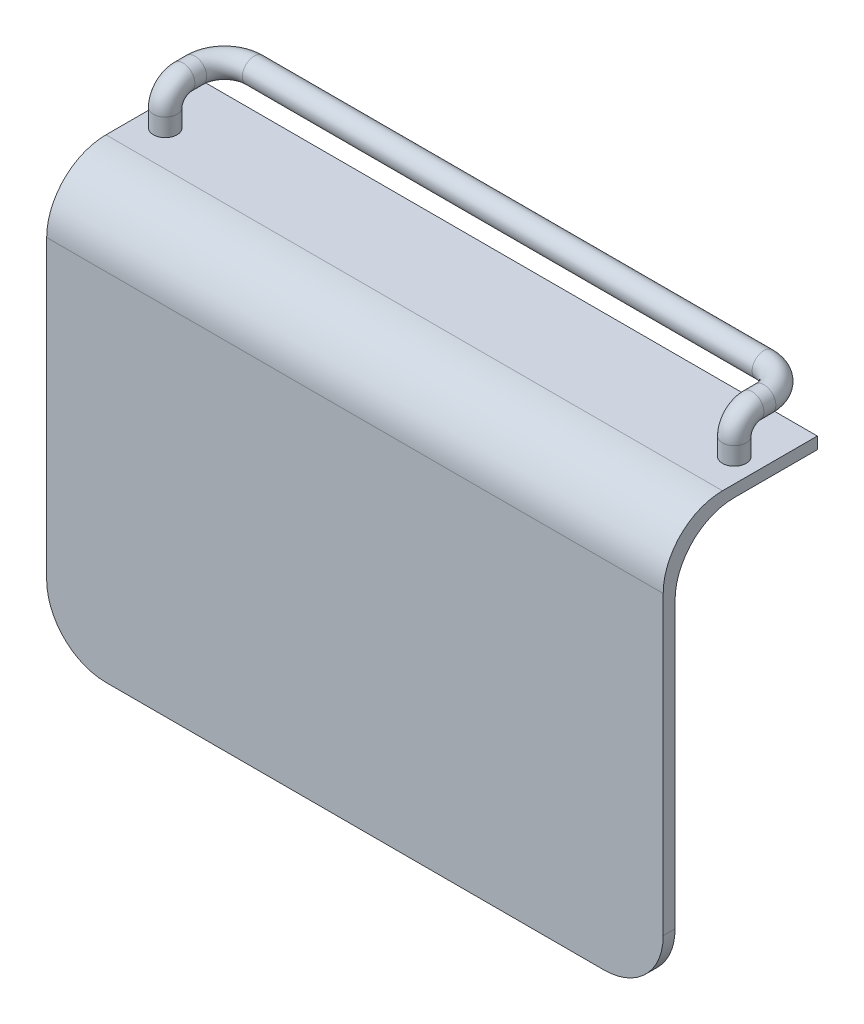
ISO-10303-21;
HEADER;
FILE_DESCRIPTION(('STEP AP214'),'2;1');
FILE_NAME('part.step','',(''),(''),'','','');
FILE_SCHEMA(('AUTOMOTIVE_DESIGN { 1 0 10303 214 1 1 1 1 }'));
ENDSEC;
DATA;
#1=APPLICATION_CONTEXT('core data for automotive mechanical design processes');
#2=APPLICATION_PROTOCOL_DEFINITION('international standard','automotive_design',2000,#1);
#3=PRODUCT_CONTEXT('',#1,'mechanical');
#4=PRODUCT('Part','Part','',(#3));
#5=PRODUCT_RELATED_PRODUCT_CATEGORY('part','',(#4));
#6=PRODUCT_DEFINITION_FORMATION('','',#4);
#7=PRODUCT_DEFINITION_CONTEXT('part definition',#1,'design');
#8=PRODUCT_DEFINITION('design','',#6,#7);
#9=PRODUCT_DEFINITION_SHAPE('','',#8);
#10=(LENGTH_UNIT() NAMED_UNIT(*) SI_UNIT(.MILLI.,.METRE.));
#11=(NAMED_UNIT(*) PLANE_ANGLE_UNIT() SI_UNIT($,.RADIAN.));
#12=(NAMED_UNIT(*) SI_UNIT($,.STERADIAN.) SOLID_ANGLE_UNIT());
#13=UNCERTAINTY_MEASURE_WITH_UNIT(LENGTH_MEASURE(1.E-05),#10,'distance_accuracy_value','');
#14=(GEOMETRIC_REPRESENTATION_CONTEXT(3) GLOBAL_UNCERTAINTY_ASSIGNED_CONTEXT((#13)) GLOBAL_UNIT_ASSIGNED_CONTEXT((#10,
#11,#12)) REPRESENTATION_CONTEXT('',''));
#15=CARTESIAN_POINT('',(0.,0.,0.));
#16=DIRECTION('',(0.,0.,1.));
#17=DIRECTION('',(1.,0.,0.));
#18=AXIS2_PLACEMENT_3D('',#15,#16,#17);
#19=CARTESIAN_POINT('',(-520.,-730.,240.));
#20=DIRECTION('',(0.,0.,1.));
#21=DIRECTION('',(1.,0.,0.));
#22=AXIS2_PLACEMENT_3D('',#19,#20,#21);
#23=PLANE('',#22);
#24=DIRECTION('',(1.,0.,0.));
#25=VECTOR('',#24,1.);
#26=CARTESIAN_POINT('',(-520.,-730.,240.));
#27=LINE('',#26,#25);
#28=CARTESIAN_POINT('',(-491.414284285429,-730.,240.));
#29=VERTEX_POINT('',#28);
#30=CARTESIAN_POINT('',(491.414284285429,-730.,240.));
#31=VERTEX_POINT('',#30);
#32=EDGE_CURVE('E221',#29,#31,#27,.T.);
#33=ORIENTED_EDGE('',*,*,#32,.F.);
#34=CARTESIAN_POINT('',(-420.,-660.,240.));
#35=DIRECTION('',(0.,0.,1.));
#36=DIRECTION('',(1.,0.,0.));
#37=AXIS2_PLACEMENT_3D('',#34,#35,#36);
#38=CIRCLE('',#37,100.);
#39=CARTESIAN_POINT('',(-520.,-660.,240.));
#40=VERTEX_POINT('',#39);
#41=EDGE_CURVE('E207',#29,#40,#38,.F.);
#42=ORIENTED_EDGE('',*,*,#41,.T.);
#43=DIRECTION('',(0.,1.,0.));
#44=VECTOR('',#43,1.);
#45=CARTESIAN_POINT('',(-520.,-730.,240.));
#46=LINE('',#45,#44);
#47=CARTESIAN_POINT('',(-520.,-180.,240.));
#48=VERTEX_POINT('',#47);
#49=EDGE_CURVE('E248',#40,#48,#46,.T.);
#50=ORIENTED_EDGE('',*,*,#49,.T.);
#51=DIRECTION('',(-1.,0.,0.));
#52=VECTOR('',#51,1.);
#53=CARTESIAN_POINT('',(520.,-180.,240.));
#54=LINE('',#53,#52);
#55=CARTESIAN_POINT('',(520.,-180.,240.));
#56=VERTEX_POINT('',#55);
#57=EDGE_CURVE('E238',#56,#48,#54,.T.);
#58=ORIENTED_EDGE('',*,*,#57,.F.);
#59=DIRECTION('',(0.,1.,0.));
#60=VECTOR('',#59,1.);
#61=CARTESIAN_POINT('',(520.,-730.,240.));
#62=LINE('',#61,#60);
#63=CARTESIAN_POINT('',(520.,-660.,240.));
#64=VERTEX_POINT('',#63);
#65=EDGE_CURVE('E246',#64,#56,#62,.T.);
#66=ORIENTED_EDGE('',*,*,#65,.F.);
#67=CARTESIAN_POINT('',(420.,-660.,240.));
#68=DIRECTION('',(0.,0.,1.));
#69=DIRECTION('',(1.,0.,0.));
#70=AXIS2_PLACEMENT_3D('',#67,#68,#69);
#71=CIRCLE('',#70,100.);
#72=EDGE_CURVE('E205',#64,#31,#71,.F.);
#73=ORIENTED_EDGE('',*,*,#72,.T.);
#74=EDGE_LOOP('',(#33,#42,#50,#58,#66,#73));
#75=FACE_BOUND('',#74,.T.);
#76=ADVANCED_FACE('F32',(#75),#23,.F.);
#77=CARTESIAN_POINT('',(0.,-80.0000000000001,0.));
#78=DIRECTION('',(0.,1.,0.));
#79=DIRECTION('',(0.,0.,1.));
#80=AXIS2_PLACEMENT_3D('',#77,#78,#79);
#81=PLANE('',#80);
#82=DIRECTION('',(0.,0.,1.));
#83=VECTOR('',#82,1.);
#84=CARTESIAN_POINT('',(520.,-80.0000000000001,260.));
#85=LINE('',#84,#83);
#86=CARTESIAN_POINT('',(520.,-80.0000000000001,0.));
#87=VERTEX_POINT('',#86);
#88=CARTESIAN_POINT('',(520.,-80.0000000000001,140.));
#89=VERTEX_POINT('',#88);
#90=EDGE_CURVE('E121',#87,#89,#85,.T.);
#91=ORIENTED_EDGE('',*,*,#90,.T.);
#92=DIRECTION('',(-1.,0.,0.));
#93=VECTOR('',#92,1.);
#94=CARTESIAN_POINT('',(520.,-80.,140.));
#95=LINE('',#94,#93);
#96=CARTESIAN_POINT('',(-520.,-80.0000000000001,140.));
#97=VERTEX_POINT('',#96);
#98=EDGE_CURVE('E242',#89,#97,#95,.T.);
#99=ORIENTED_EDGE('',*,*,#98,.T.);
#100=DIRECTION('',(0.,0.,-1.));
#101=VECTOR('',#100,1.);
#102=CARTESIAN_POINT('',(-520.,-80.0000000000001,260.));
#103=LINE('',#102,#101);
#104=CARTESIAN_POINT('',(-520.,-80.0000000000001,0.));
#105=VERTEX_POINT('',#104);
#106=EDGE_CURVE('E131',#97,#105,#103,.T.);
#107=ORIENTED_EDGE('',*,*,#106,.T.);
#108=DIRECTION('',(1.,0.,0.));
#109=VECTOR('',#108,1.);
#110=CARTESIAN_POINT('',(0.,-80.0000000000001,0.));
#111=LINE('',#110,#109);
#112=EDGE_CURVE('E132',#105,#87,#111,.T.);
#113=ORIENTED_EDGE('',*,*,#112,.T.);
#114=EDGE_LOOP('',(#91,#99,#107,#113));
#115=FACE_BOUND('',#114,.T.);
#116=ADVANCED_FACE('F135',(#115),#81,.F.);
--------------------------------------------------
What you are asked to do: Could you write out the records exactly while omitting every picture?

Reply to the task:
ISO-10303-21;
HEADER;
FILE_DESCRIPTION(('STEP AP214'),'2;1');
FILE_NAME('part.step','',(''),(''),'','','');
FILE_SCHEMA(('AUTOMOTIVE_DESIGN { 1 0 10303 214 1 1 1 1 }'));
ENDSEC;
DATA;
#1=APPLICATION_CONTEXT('core data for automotive mechanical design processes');
#2=APPLICATION_PROTOCOL_DEFINITION('international standard','automotive_design',2000,#1);
#3=PRODUCT_CONTEXT('',#1,'mechanical');
#4=PRODUCT('Part','Part','',(#3));
#5=PRODUCT_RELATED_PRODUCT_CATEGORY('part','',(#4));
#6=PRODUCT_DEFINITION_FORMATION('','',#4);
#7=PRODUCT_DEFINITION_CONTEXT('part definition',#1,'design');
#8=PRODUCT_DEFINITION('design','',#6,#7);
#9=PRODUCT_DEFINITION_SHAPE('','',#8);
#10=(LENGTH_UNIT() NAMED_UNIT(*) SI_UNIT(.MILLI.,.METRE.));
#11=(NAMED_UNIT(*) PLANE_ANGLE_UNIT() SI_UNIT($,.RADIAN.));
#12=(NAMED_UNIT(*) SI_UNIT($,.STERADIAN.) SOLID_ANGLE_UNIT());
#13=UNCERTAINTY_MEASURE_WITH_UNIT(LENGTH_MEASURE(1.E-05),#10,'distance_accuracy_value','');
#14=(GEOMETRIC_REPRESENTATION_CONTEXT(3) GLOBAL_UNCERTAINTY_ASSIGNED_CONTEXT((#13)) GLOBAL_UNIT_ASSIGNED_CONTEXT((#10,
#11,#12)) REPRESENTATION_CONTEXT('',''));
#15=CARTESIAN_POINT('',(0.,0.,0.));
#16=DIRECTION('',(0.,0.,1.));
#17=DIRECTION('',(1.,0.,0.));
#18=AXIS2_PLACEMENT_3D('',#15,#16,#17);
#19=CARTESIAN_POINT('',(-520.,-730.,240.));
#20=DIRECTION('',(0.,0.,1.));
#21=DIRECTION('',(1.,0.,0.));
#22=AXIS2_PLACEMENT_3D('',#19,#20,#21);
#23=PLANE('',#22);
#24=DIRECTION('',(1.,0.,0.));
#25=VECTOR('',#24,1.);
#26=CARTESIAN_POINT('',(-520.,-730.,240.));
#27=LINE('',#26,#25);
#28=CARTESIAN_POINT('',(-491.414284285429,-730.,240.));
#29=VERTEX_POINT('',#28);
#30=CARTESIAN_POINT('',(491.414284285429,-730.,240.));
#31=VERTEX_POINT('',#30);
#32=EDGE_CURVE('E221',#29,#31,#27,.T.);
#33=ORIENTED_EDGE('',*,*,#32,.F.);
#34=CARTESIAN_POINT('',(-420.,-660.,240.));
#35=DIRECTION('',(0.,0.,1.));
#36=DIRECTION('',(1.,0.,0.));
#37=AXIS2_PLACEMENT_3D('',#34,#35,#36);
#38=CIRCLE('',#37,100.);
#39=CARTESIAN_POINT('',(-520.,-660.,240.));
#40=VERTEX_POINT('',#39);
#41=EDGE_CURVE('E207',#29,#40,#38,.F.);
#42=ORIENTED_EDGE('',*,*,#41,.T.);
#43=DIRECTION('',(0.,1.,0.));
#44=VECTOR('',#43,1.);
#45=CARTESIAN_POINT('',(-520.,-730.,240.));
#46=LINE('',#45,#44);
#47=CARTESIAN_POINT('',(-520.,-180.,240.));
#48=VERTEX_POINT('',#47);
#49=EDGE_CURVE('E248',#40,#48,#46,.T.);
#50=ORIENTED_EDGE('',*,*,#49,.T.);
#51=DIRECTION('',(-1.,0.,0.));
#52=VECTOR('',#51,1.);
#53=CARTESIAN_POINT('',(520.,-180.,240.));
#54=LINE('',#53,#52);
#55=CARTESIAN_POINT('',(520.,-180.,240.));
#56=VERTEX_POINT('',#55);
#57=EDGE_CURVE('E238',#56,#48,#54,.T.);
#58=ORIENTED_EDGE('',*,*,#57,.F.);
#59=DIRECTION('',(0.,1.,0.));
#60=VECTOR('',#59,1.);
#61=CARTESIAN_POINT('',(520.,-730.,240.));
#62=LINE('',#61,#60);
#63=CARTESIAN_POINT('',(520.,-660.,240.));
#64=VERTEX_POINT('',#63);
#65=EDGE_CURVE('E246',#64,#56,#62,.T.);
#66=ORIENTED_EDGE('',*,*,#65,.F.);
#67=CARTESIAN_POINT('',(420.,-660.,240.));
#68=DIRECTION('',(0.,0.,1.));
#69=DIRECTION('',(1.,0.,0.));
#70=AXIS2_PLACEMENT_3D('',#67,#68,#69);
#71=CIRCLE('',#70,100.);
#72=EDGE_CURVE('E205',#64,#31,#71,.F.);
#73=ORIENTED_EDGE('',*,*,#72,.T.);
#74=EDGE_LOOP('',(#33,#42,#50,#58,#66,#73));
#75=FACE_BOUND('',#74,.T.);
#76=ADVANCED_FACE('F32',(#75),#23,.F.);
#77=CARTESIAN_POINT('',(0.,-80.0000000000001,0.));
#78=DIRECTION('',(0.,1.,0.));
#79=DIRECTION('',(0.,0.,1.));
#80=AXIS2_PLACEMENT_3D('',#77,#78,#79);
#81=PLANE('',#80);
#82=DIRECTION('',(0.,0.,1.));
#83=VECTOR('',#82,1.);
#84=CARTESIAN_POINT('',(520.,-80.0000000000001,260.));
#85=LINE('',#84,#83);
#86=CARTESIAN_POINT('',(520.,-80.0000000000001,0.));
#87=VERTEX_POINT('',#86);
#88=CARTESIAN_POINT('',(520.,-80.0000000000001,140.));
#89=VERTEX_POINT('',#88);
#90=EDGE_CURVE('E121',#87,#89,#85,.T.);
#91=ORIENTED_EDGE('',*,*,#90,.T.);
#92=DIRECTION('',(-1.,0.,0.));
#93=VECTOR('',#92,1.);
#94=CARTESIAN_POINT('',(520.,-80.,140.));
#95=LINE('',#94,#93);
#96=CARTESIAN_POINT('',(-520.,-80.0000000000001,140.));
#97=VERTEX_POINT('',#96);
#98=EDGE_CURVE('E242',#89,#97,#95,.T.);
#99=ORIENTED_EDGE('',*,*,#98,.T.);
#100=DIRECTION('',(0.,0.,-1.));
#101=VECTOR('',#100,1.);
#102=CARTESIAN_POINT('',(-520.,-80.0000000000001,260.));
#103=LINE('',#102,#101);
#104=CARTESIAN_POINT('',(-520.,-80.0000000000001,0.));
#105=VERTEX_POINT('',#104);
#106=EDGE_CURVE('E131',#97,#105,#103,.T.);
#107=ORIENTED_EDGE('',*,*,#106,.T.);
#108=DIRECTION('',(1.,0.,0.));
#109=VECTOR('',#108,1.);
#110=CARTESIAN_POINT('',(0.,-80.0000000000001,0.));
#111=LINE('',#110,#109);
#112=EDGE_CURVE('E132',#105,#87,#111,.T.);
#113=ORIENTED_EDGE('',*,*,#112,.T.);
#114=EDGE_LOOP('',(#91,#99,#107,#113));
#115=FACE_BOUND('',#114,.T.);
#116=ADVANCED_FACE('F135',(#115),#81,.F.);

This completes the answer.